Name: Susan Seidelman
Occupation: Film and TV director
Who's your favorite New Yorker, living or dead, real or fictional?
Dorothy Parker was pretty cool. Also a guy named Joe Ades, who recently died, epitomized what I love about New Yorkers. He was 74, had a British accent, wore a dapper suit, and for years sat on a milk crate on the sidewalk near the Virgin Record store at Union Square, hawking potato peelers. But he would go home at night to a big apartment on the Upper East Side and eat dinner at his regular table at Cafe Pierre. What I love most about New York is that no one is exactly who or what they seem. I watched this guy for years selling $5 potato peelers, but didn't know about his other life until I read his obituary in the New York Times.
What's the best meal you've eaten in New York?
Ginger- and coriander-crusted tuna with orange-braised oxtail — an odd combination of meat and fish served at chef Patricia Yeo's restaurant called AZ — in the Flatiron district. Unfortunately, AZ closed a few years ago.
In one sentence, what do you actually do all day in your job?
I spend a lot of time waiting for something to happen.
Would you still live here on a $35,000 salary?
Definitely — lots of free and cheap stuff to do.
What's the last thing you saw on Broadway?
I rarely go to Broadway. Expensive and too many tourists. The last show I saw was Passing Strange.
Do you give money to panhandlers?
What's your drink?
Vodka martini — straight up with olives — but a few years ago I discovered chartreuse, a secret formula of 130 different herbs made in France by Carthusian monks — which is great for keeping the conversation going at the end of a dinner party. It produces a slightly spacey buzz and is a mix between nauseating and incredibly interesting.
How often do you prepare your own meals?
Rarely. My husband is a great cook and yells when I try to get near the stove.
What's your favorite medication?
What's hanging above your sofa?
Nothing. My sofa is in the center of the living room. It stands alone.
How much is too much to spend on a haircut?
Anything over $120.
One a.m., weekdays.
Which do you prefer, the old Times Square or the new Times Square?
Definitely old. The Times Square of Midnight Cowboy (late sixties, early seventies).
What do you think of Donald Trump?
I think underneath his gruffness, he's probably a sweetie, but with tacky taste.
What do you hate most about living in New York?
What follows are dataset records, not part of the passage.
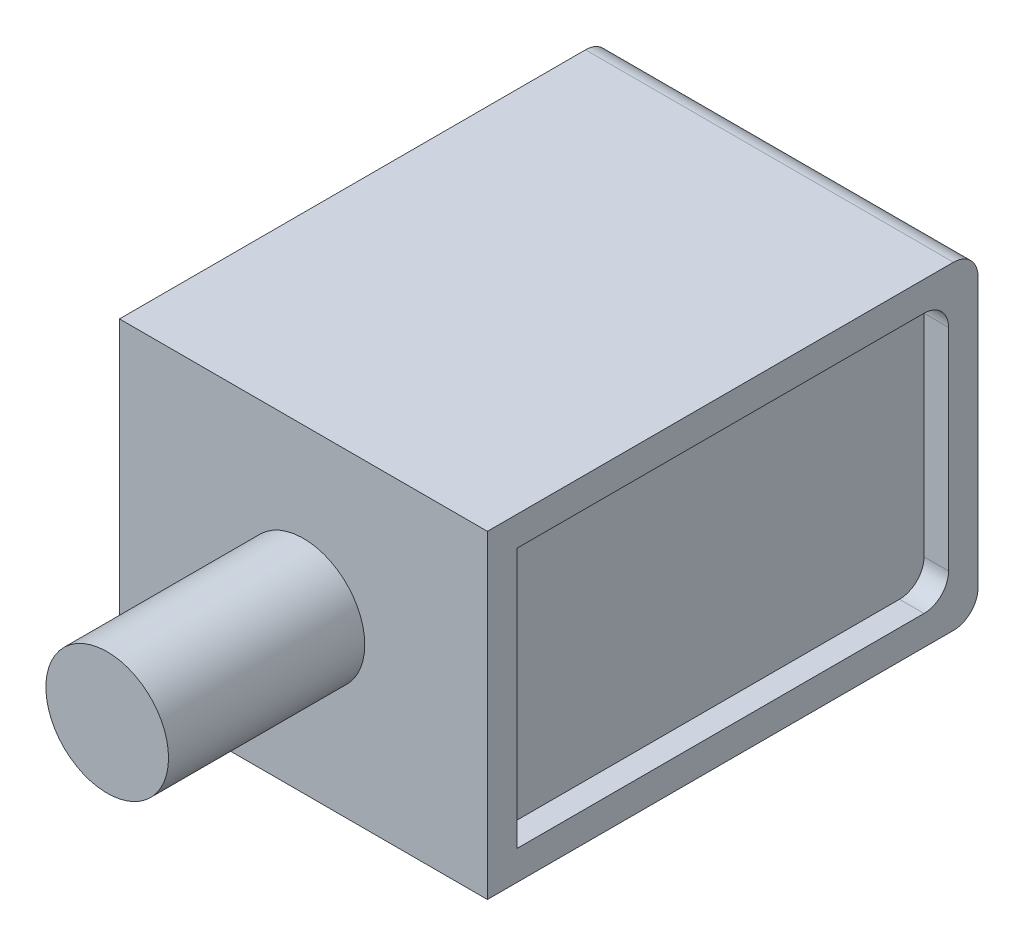
ISO-10303-21;
HEADER;
FILE_DESCRIPTION(('STEP AP214'),'2;1');
FILE_NAME('part.step','',(''),(''),'','','');
FILE_SCHEMA(('AUTOMOTIVE_DESIGN { 1 0 10303 214 1 1 1 1 }'));
ENDSEC;
DATA;
#1=APPLICATION_CONTEXT('core data for automotive mechanical design processes');
#2=APPLICATION_PROTOCOL_DEFINITION('international standard','automotive_design',2000,#1);
#3=PRODUCT_CONTEXT('',#1,'mechanical');
#4=PRODUCT('Part','Part','',(#3));
#5=PRODUCT_RELATED_PRODUCT_CATEGORY('part','',(#4));
#6=PRODUCT_DEFINITION_FORMATION('','',#4);
#7=PRODUCT_DEFINITION_CONTEXT('part definition',#1,'design');
#8=PRODUCT_DEFINITION('design','',#6,#7);
#9=PRODUCT_DEFINITION_SHAPE('','',#8);
#10=(LENGTH_UNIT() NAMED_UNIT(*) SI_UNIT(.MILLI.,.METRE.));
#11=(NAMED_UNIT(*) PLANE_ANGLE_UNIT() SI_UNIT($,.RADIAN.));
#12=(NAMED_UNIT(*) SI_UNIT($,.STERADIAN.) SOLID_ANGLE_UNIT());
#13=UNCERTAINTY_MEASURE_WITH_UNIT(LENGTH_MEASURE(1.E-05),#10,'distance_accuracy_value','');
#14=(GEOMETRIC_REPRESENTATION_CONTEXT(3) GLOBAL_UNCERTAINTY_ASSIGNED_CONTEXT((#13)) GLOBAL_UNIT_ASSIGNED_CONTEXT((#10,
#11,#12)) REPRESENTATION_CONTEXT('',''));
#15=CARTESIAN_POINT('',(0.,0.,0.));
#16=DIRECTION('',(0.,0.,1.));
#17=DIRECTION('',(1.,0.,0.));
#18=AXIS2_PLACEMENT_3D('',#15,#16,#17);
#19=CARTESIAN_POINT('',(-7.5,-6.5,10.));
#20=DIRECTION('',(1.,0.,0.));
#21=DIRECTION('',(0.,1.,0.));
#22=AXIS2_PLACEMENT_3D('',#19,#20,#21);
#23=PLANE('',#22);
#24=DIRECTION('',(0.,-1.,0.));
#25=VECTOR('',#24,1.);
#26=CARTESIAN_POINT('',(-7.5,-6.5,-10.));
#27=LINE('',#26,#25);
#28=CARTESIAN_POINT('',(-7.5,5.5,-10.));
#29=VERTEX_POINT('',#28);
#30=CARTESIAN_POINT('',(-7.5,-5.5,-10.));
#31=VERTEX_POINT('',#30);
#32=EDGE_CURVE('E230',#29,#31,#27,.T.);
#33=ORIENTED_EDGE('',*,*,#32,.T.);
#34=CARTESIAN_POINT('',(-7.5,-5.5,-9.));
#35=DIRECTION('',(1.,0.,0.));
#36=DIRECTION('',(0.,1.,0.));
#37=AXIS2_PLACEMENT_3D('',#34,#35,#36);
#38=CIRCLE('',#37,1.);
#39=CARTESIAN_POINT('',(-7.5,-6.5,-9.));
#40=VERTEX_POINT('',#39);
#41=EDGE_CURVE('E272',#31,#40,#38,.F.);
#42=ORIENTED_EDGE('',*,*,#41,.T.);
#43=DIRECTION('',(0.,0.,-1.));
#44=VECTOR('',#43,1.);
#45=CARTESIAN_POINT('',(-7.5,-6.5,10.));
#46=LINE('',#45,#44);
#47=CARTESIAN_POINT('',(-7.5,-6.5,10.));
#48=VERTEX_POINT('',#47);
#49=EDGE_CURVE('E256',#48,#40,#46,.T.);
#50=ORIENTED_EDGE('',*,*,#49,.F.);
#51=DIRECTION('',(0.,-1.,0.));
#52=VECTOR('',#51,1.);
#53=CARTESIAN_POINT('',(-7.5,-6.5,10.));
#54=LINE('',#53,#52);
#55=CARTESIAN_POINT('',(-7.5,6.5,10.));
#56=VERTEX_POINT('',#55);
#57=EDGE_CURVE('E233',#56,#48,#54,.T.);
#58=ORIENTED_EDGE('',*,*,#57,.F.);
#59=DIRECTION('',(0.,0.,-1.));
#60=VECTOR('',#59,1.);
#61=CARTESIAN_POINT('',(-7.5,6.5,10.));
#62=LINE('',#61,#60);
#63=CARTESIAN_POINT('',(-7.5,6.5,-9.));
#64=VERTEX_POINT('',#63);
#65=EDGE_CURVE('E243',#56,#64,#62,.T.);
#66=ORIENTED_EDGE('',*,*,#65,.T.);
#67=CARTESIAN_POINT('',(-7.5,5.5,-9.));
#68=DIRECTION('',(1.,0.,0.));
#69=DIRECTION('',(0.,1.,0.));
#70=AXIS2_PLACEMENT_3D('',#67,#68,#69);
#71=CIRCLE('',#70,1.);
#72=EDGE_CURVE('E270',#64,#29,#71,.F.);
#73=ORIENTED_EDGE('',*,*,#72,.T.);
#74=EDGE_LOOP('',(#33,#42,#50,#58,#66,#73));
#75=FACE_BOUND('',#74,.T.);
#76=DIRECTION('',(0.,0.,-1.));
#77=VECTOR('',#76,1.);
#78=CARTESIAN_POINT('',(-7.5,-5.3,8.8));
#79=LINE('',#78,#77);
#80=CARTESIAN_POINT('',(-7.5,-5.3,8.8));
#81=VERTEX_POINT('',#80);
#82=CARTESIAN_POINT('',(-7.5,-5.3,-7.8));
#83=VERTEX_POINT('',#82);
#84=EDGE_CURVE('E183',#81,#83,#79,.T.);
#85=ORIENTED_EDGE('',*,*,#84,.T.);
#86=CARTESIAN_POINT('',(-7.5,-4.3,-7.8));
#87=DIRECTION('',(1.,0.,0.));
#88=DIRECTION('',(0.,1.,0.));
#89=AXIS2_PLACEMENT_3D('',#86,#87,#88);
#90=CIRCLE('',#89,1.);
#91=CARTESIAN_POINT('',(-7.5,-4.3,-8.8));
#92=VERTEX_POINT('',#91);
#93=EDGE_CURVE('E305',#83,#92,#90,.T.);
#94=ORIENTED_EDGE('',*,*,#93,.T.);
#95=DIRECTION('',(0.,1.,0.));
#96=VECTOR('',#95,1.);
#97=CARTESIAN_POINT('',(-7.5,-5.3,-8.8));
#98=LINE('',#97,#96);
#99=CARTESIAN_POINT('',(-7.5,4.3,-8.8));
#100=VERTEX_POINT('',#99);
#101=EDGE_CURVE('E197',#92,#100,#98,.T.);
#102=ORIENTED_EDGE('',*,*,#101,.T.);
#103=CARTESIAN_POINT('',(-7.5,4.3,-7.8));
#104=DIRECTION('',(1.,0.,0.));
#105=DIRECTION('',(0.,1.,0.));
#106=AXIS2_PLACEMENT_3D('',#103,#104,#105);
#107=CIRCLE('',#106,1.);
#108=CARTESIAN_POINT('',(-7.5,5.3,-7.8));
#109=VERTEX_POINT('',#108);
#110=EDGE_CURVE('E43',#100,#109,#107,.T.);
#111=ORIENTED_EDGE('',*,*,#110,.T.);
#112=DIRECTION('',(0.,0.,1.));
#113=VECTOR('',#112,1.);
#114=CARTESIAN_POINT('',(-7.5,5.3,-8.8));
#115=LINE('',#114,#113);
#116=CARTESIAN_POINT('',(-7.5,5.3,8.8));
#117=VERTEX_POINT('',#116);
#118=EDGE_CURVE('E193',#109,#117,#115,.T.);
#119=ORIENTED_EDGE('',*,*,#118,.T.);
#120=DIRECTION('',(0.,-1.,0.));
#121=VECTOR('',#120,1.);
#122=CARTESIAN_POINT('',(-7.5,5.3,8.8));
#123=LINE('',#122,#121);
#124=EDGE_CURVE('E201',#117,#81,#123,.T.);
#125=ORIENTED_EDGE('',*,*,#124,.T.);
#126=EDGE_LOOP('',(#85,#94,#102,#111,#119,#125));
#127=FACE_BOUND('',#126,.T.);
#128=ADVANCED_FACE('F39',(#75,#127),#23,.F.);
#129=CARTESIAN_POINT('',(7.5,-6.5,10.));
#130=DIRECTION('',(0.,1.,0.));
#131=DIRECTION('',(-1.,0.,0.));
#132=AXIS2_PLACEMENT_3D('',#129,#130,#131);
#133=PLANE('',#132);
#134=ORIENTED_EDGE('',*,*,#49,.T.);
#135=DIRECTION('',(1.,0.,0.));
#136=VECTOR('',#135,1.);
#137=CARTESIAN_POINT('',(7.5,-6.5,-9.));
#138=LINE('',#137,#136);
#139=CARTESIAN_POINT('',(7.5,-6.5,-9.));
#140=VERTEX_POINT('',#139);
#141=EDGE_CURVE('E259',#40,#140,#138,.T.);
#142=ORIENTED_EDGE('',*,*,#141,.T.);
#143=DIRECTION('',(0.,0.,-1.));
#144=VECTOR('',#143,1.);
#145=CARTESIAN_POINT('',(7.5,-6.5,10.));
#146=LINE('',#145,#144);
#147=CARTESIAN_POINT('',(7.5,-6.5,10.));
#148=VERTEX_POINT('',#147);
#149=EDGE_CURVE('E253',#148,#140,#146,.T.);
#150=ORIENTED_EDGE('',*,*,#149,.F.);
#151=DIRECTION('',(1.,0.,0.));
#152=VECTOR('',#151,1.);
#153=CARTESIAN_POINT('',(7.5,-6.5,10.));
#154=LINE('',#153,#152);
#155=EDGE_CURVE('E236',#48,#148,#154,.T.);
#156=ORIENTED_EDGE('',*,*,#155,.F.);
#157=EDGE_LOOP('',(#134,#142,#150,#156));
#158=FACE_BOUND('',#157,.T.);
#159=ADVANCED_FACE('F323',(#158),#133,.F.);
#160=CARTESIAN_POINT('',(7.5,-6.5,10.));
#161=DIRECTION('',(-1.,0.,0.));
#162=DIRECTION('',(0.,0.,1.));
#163=AXIS2_PLACEMENT_3D('',#160,#161,#162);
#164=PLANE('',#163);
#165=DIRECTION('',(0.,0.,1.));
#166=VECTOR('',#165,1.);
#167=CARTESIAN_POINT('',(7.5,5.3,-8.8));
#168=LINE('',#167,#166);
#169=CARTESIAN_POINT('',(7.5,5.3,-7.8));
#170=VERTEX_POINT('',#169);
#171=CARTESIAN_POINT('',(7.5,5.3,8.8));
#172=VERTEX_POINT('',#171);
#173=EDGE_CURVE('E221',#170,#172,#168,.T.);
#174=ORIENTED_EDGE('',*,*,#173,.F.);
#175=CARTESIAN_POINT('',(7.5,4.3,-7.8));
#176=DIRECTION('',(-1.,0.,0.));
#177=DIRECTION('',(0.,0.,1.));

The dog poop on the sidewalk — especially where I live downtown.
Who is your mortal enemy?
Studio executives with MBAs who don't really like movies and have no knowledge of film before 1990. On the other hand, I also hate pompous know-it-alls and cheap people.
When's the last time you drove a car?
Two months ago — in New Jersey.
How has the Wall Street crash affected you?
I've become more selective about where I go at night — and I eat home a lot more.
Times, Post, or Daily News?
Times and Post.
Where do you go to be alone?
I take a long hot shower — my best ideas come in the shower and it gives me a chance to clear my head.
What makes someone a New Yorker?
On the one hand, I think a real New Yorker is someone with street cred and a nothing-shocks-me attitude. On the other hand, a real New Yorker is someone who came from somewhere else where they felt like an outsider and then chose to move to New York to be around other misfits.
Susan Seidelman will introduce her films Desperately Seeking Susan and Smithereens tomorrow night at the 92nd Street YTribeca.